Azad (le nom de la personne a été modifié), a lui aussi grandi en Iran. Il a ensuite gagné les Pays-Bas avec son frère. Renvoyé en Afghanistan en mai 2017, il se présente comme gay et craint que son orientation sexuelle ne soit découverte par des personnes qui lui veulent du mal. Il avait tellement peur d’être renvoyé en Afghanistan qu’il a fait une tentative de suicide, juste avant d’être expulsé. « J’essaie d’être un homme ici. Je deviens fou. La nuit, j’ai très peur. Je suis vraiment terrorisé », a-t-il déclaré à Amnesty International.

« Une coupe de poison »

Les États européens n’ignorent aucunement la dangerosité de la situation en Afghanistan. Au contraire, ils l’ont reconnue lorsque les membres de l’Union européenne (UE) ont signé un accord de coopération baptisé « Action conjointe pour le futur », destiné à renvoyer chez eux des demandeurs d’asile afghans.

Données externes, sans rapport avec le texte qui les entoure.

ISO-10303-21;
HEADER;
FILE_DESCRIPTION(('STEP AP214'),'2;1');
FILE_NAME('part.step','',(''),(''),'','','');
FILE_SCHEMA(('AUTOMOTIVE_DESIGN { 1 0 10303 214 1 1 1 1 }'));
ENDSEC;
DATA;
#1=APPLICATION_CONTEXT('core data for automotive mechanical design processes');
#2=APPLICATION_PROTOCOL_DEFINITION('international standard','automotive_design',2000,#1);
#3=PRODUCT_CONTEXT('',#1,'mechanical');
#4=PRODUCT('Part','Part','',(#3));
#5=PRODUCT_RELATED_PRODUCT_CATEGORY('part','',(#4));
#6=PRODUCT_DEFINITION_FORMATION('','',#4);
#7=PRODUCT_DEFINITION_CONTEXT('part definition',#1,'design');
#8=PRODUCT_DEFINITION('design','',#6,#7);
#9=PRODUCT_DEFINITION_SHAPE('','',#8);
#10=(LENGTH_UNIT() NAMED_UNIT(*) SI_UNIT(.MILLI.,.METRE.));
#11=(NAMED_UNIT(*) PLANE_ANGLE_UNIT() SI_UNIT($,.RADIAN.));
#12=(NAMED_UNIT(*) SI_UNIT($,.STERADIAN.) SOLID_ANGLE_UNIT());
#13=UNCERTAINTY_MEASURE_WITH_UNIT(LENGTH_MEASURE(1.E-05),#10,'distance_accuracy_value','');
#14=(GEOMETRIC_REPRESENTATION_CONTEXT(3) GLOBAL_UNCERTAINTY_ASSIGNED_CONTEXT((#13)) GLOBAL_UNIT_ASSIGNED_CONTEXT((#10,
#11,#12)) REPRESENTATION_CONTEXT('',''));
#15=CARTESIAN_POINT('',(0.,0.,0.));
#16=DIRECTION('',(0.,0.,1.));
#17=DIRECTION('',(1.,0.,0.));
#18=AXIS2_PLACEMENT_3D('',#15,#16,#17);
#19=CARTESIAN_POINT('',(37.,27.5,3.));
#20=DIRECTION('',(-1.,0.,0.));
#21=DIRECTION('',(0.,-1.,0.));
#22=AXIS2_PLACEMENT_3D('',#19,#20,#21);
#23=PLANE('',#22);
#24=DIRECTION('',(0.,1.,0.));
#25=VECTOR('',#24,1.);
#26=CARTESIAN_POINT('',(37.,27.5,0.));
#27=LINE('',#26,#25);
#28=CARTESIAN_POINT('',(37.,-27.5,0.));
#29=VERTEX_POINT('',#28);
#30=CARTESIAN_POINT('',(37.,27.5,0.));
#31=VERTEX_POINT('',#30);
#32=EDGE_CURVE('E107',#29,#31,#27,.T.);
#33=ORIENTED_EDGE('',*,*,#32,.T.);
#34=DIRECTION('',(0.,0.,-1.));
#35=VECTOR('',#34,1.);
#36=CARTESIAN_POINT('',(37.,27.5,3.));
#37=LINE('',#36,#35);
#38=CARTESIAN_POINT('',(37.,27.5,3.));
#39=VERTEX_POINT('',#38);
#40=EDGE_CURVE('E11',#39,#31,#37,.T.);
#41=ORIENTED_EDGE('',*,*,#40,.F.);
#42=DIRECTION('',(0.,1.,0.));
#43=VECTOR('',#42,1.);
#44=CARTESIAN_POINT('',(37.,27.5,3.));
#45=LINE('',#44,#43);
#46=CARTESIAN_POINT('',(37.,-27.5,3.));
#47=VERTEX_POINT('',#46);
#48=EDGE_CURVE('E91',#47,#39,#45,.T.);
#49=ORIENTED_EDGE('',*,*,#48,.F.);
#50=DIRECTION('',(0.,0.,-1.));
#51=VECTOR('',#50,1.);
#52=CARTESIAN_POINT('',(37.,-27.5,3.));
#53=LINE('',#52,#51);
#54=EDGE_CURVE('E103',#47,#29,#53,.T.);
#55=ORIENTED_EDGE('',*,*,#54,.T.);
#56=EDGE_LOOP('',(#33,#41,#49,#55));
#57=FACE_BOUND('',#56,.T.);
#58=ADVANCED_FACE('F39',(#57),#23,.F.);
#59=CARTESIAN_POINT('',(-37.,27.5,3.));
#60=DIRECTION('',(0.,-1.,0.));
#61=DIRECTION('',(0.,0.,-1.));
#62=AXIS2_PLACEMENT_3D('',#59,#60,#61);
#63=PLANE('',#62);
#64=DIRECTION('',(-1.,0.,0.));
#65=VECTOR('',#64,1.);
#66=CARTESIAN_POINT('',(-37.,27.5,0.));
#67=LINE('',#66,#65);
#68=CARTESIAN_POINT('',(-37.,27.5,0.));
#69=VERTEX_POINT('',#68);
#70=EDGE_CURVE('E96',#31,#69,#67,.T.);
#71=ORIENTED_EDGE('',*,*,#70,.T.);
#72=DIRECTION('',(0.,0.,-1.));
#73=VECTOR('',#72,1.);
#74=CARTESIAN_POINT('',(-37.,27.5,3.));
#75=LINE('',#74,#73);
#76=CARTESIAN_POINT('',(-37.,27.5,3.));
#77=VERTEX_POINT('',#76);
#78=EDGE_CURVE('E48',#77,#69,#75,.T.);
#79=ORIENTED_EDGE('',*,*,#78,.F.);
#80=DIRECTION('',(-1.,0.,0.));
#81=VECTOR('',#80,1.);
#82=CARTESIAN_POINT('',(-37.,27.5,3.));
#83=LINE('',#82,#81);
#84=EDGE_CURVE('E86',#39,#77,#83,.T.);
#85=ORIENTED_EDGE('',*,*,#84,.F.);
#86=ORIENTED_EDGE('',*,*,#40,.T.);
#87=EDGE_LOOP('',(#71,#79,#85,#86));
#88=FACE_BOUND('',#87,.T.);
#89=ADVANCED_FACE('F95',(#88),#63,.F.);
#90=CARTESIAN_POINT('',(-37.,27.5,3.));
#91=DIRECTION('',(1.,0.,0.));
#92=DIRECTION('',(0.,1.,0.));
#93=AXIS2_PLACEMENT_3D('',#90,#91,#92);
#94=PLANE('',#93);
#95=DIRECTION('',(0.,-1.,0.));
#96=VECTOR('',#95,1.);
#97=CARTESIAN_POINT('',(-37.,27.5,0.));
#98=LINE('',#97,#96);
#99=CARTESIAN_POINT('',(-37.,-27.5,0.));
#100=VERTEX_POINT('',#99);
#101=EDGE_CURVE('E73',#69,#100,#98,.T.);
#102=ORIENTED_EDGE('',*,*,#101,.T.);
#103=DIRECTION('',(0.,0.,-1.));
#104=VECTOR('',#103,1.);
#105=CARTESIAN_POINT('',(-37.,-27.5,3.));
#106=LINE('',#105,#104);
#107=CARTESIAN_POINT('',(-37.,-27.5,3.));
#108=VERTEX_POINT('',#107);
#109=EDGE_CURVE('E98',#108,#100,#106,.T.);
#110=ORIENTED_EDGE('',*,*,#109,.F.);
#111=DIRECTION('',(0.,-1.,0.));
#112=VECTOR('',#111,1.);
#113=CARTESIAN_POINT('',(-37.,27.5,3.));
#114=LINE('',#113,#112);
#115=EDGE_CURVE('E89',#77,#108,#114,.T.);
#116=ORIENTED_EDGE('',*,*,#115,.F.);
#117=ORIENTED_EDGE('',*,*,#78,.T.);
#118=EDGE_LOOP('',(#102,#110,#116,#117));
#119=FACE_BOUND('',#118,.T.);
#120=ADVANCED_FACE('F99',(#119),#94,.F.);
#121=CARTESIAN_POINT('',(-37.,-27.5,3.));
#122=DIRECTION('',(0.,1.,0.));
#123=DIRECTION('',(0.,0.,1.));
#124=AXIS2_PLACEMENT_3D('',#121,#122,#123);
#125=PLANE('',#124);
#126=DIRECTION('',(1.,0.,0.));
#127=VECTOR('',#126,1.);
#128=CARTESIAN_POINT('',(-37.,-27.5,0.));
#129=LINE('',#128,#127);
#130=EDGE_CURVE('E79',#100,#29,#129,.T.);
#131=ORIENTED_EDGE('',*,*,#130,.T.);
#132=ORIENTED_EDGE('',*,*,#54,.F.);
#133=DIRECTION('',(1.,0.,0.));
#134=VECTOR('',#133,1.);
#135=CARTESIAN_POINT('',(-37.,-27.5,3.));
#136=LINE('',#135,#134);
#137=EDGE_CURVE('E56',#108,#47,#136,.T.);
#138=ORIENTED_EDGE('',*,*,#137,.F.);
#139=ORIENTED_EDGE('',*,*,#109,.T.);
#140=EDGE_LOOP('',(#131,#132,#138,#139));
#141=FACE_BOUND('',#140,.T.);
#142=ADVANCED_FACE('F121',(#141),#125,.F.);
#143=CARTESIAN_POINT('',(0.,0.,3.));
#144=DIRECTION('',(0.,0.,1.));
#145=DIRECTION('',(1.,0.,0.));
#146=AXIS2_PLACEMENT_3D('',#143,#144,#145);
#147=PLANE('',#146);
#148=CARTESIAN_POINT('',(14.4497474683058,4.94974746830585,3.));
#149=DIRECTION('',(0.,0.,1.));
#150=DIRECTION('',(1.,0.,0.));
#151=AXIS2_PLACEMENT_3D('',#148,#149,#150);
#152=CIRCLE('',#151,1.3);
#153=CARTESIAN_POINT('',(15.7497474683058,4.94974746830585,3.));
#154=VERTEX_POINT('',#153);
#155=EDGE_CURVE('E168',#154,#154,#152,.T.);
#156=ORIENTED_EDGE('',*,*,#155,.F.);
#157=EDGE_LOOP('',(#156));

Dans un document ayant fuité, l’administration de l’UE reconnaît que l’Afghanistan est confronté à « une détérioration de sa situation sécuritaire et une aggravation des menaces auxquelles les gens sont exposés, avec un nombre record d’attaques terroristes et de civils tués ou blessés ». Ce qui ne l’empêche pas de conclure, avec un total cynisme, qu’il faut « que 80 000 personnes au moins puissent retourner chez elles dans un futur proche ».

Selon des informations dignes de foi, cette « nécessité » aurait été exprimée par des pressions exercées sur le gouvernement afghan. Le ministre afghan des Finances, Ekil Hakimi, a déclaré devant le Parlement : « Si l’Afghanistan ne coopère pas avec les pays de l’Union européenne dans le cadre de la crise des réfugiés, cela aura des conséquences négatives pour le montant de l’aide allouée à notre pays. »

Dans le même ordre d’idées, une source afghane connaissant bien l’accord et s’exprimant sous le sceau de la confidentialité a qualifié ledit accord de « coupe de poison » que le gouvernement afghan aurait été obligé d’avaler en échange d’une aide.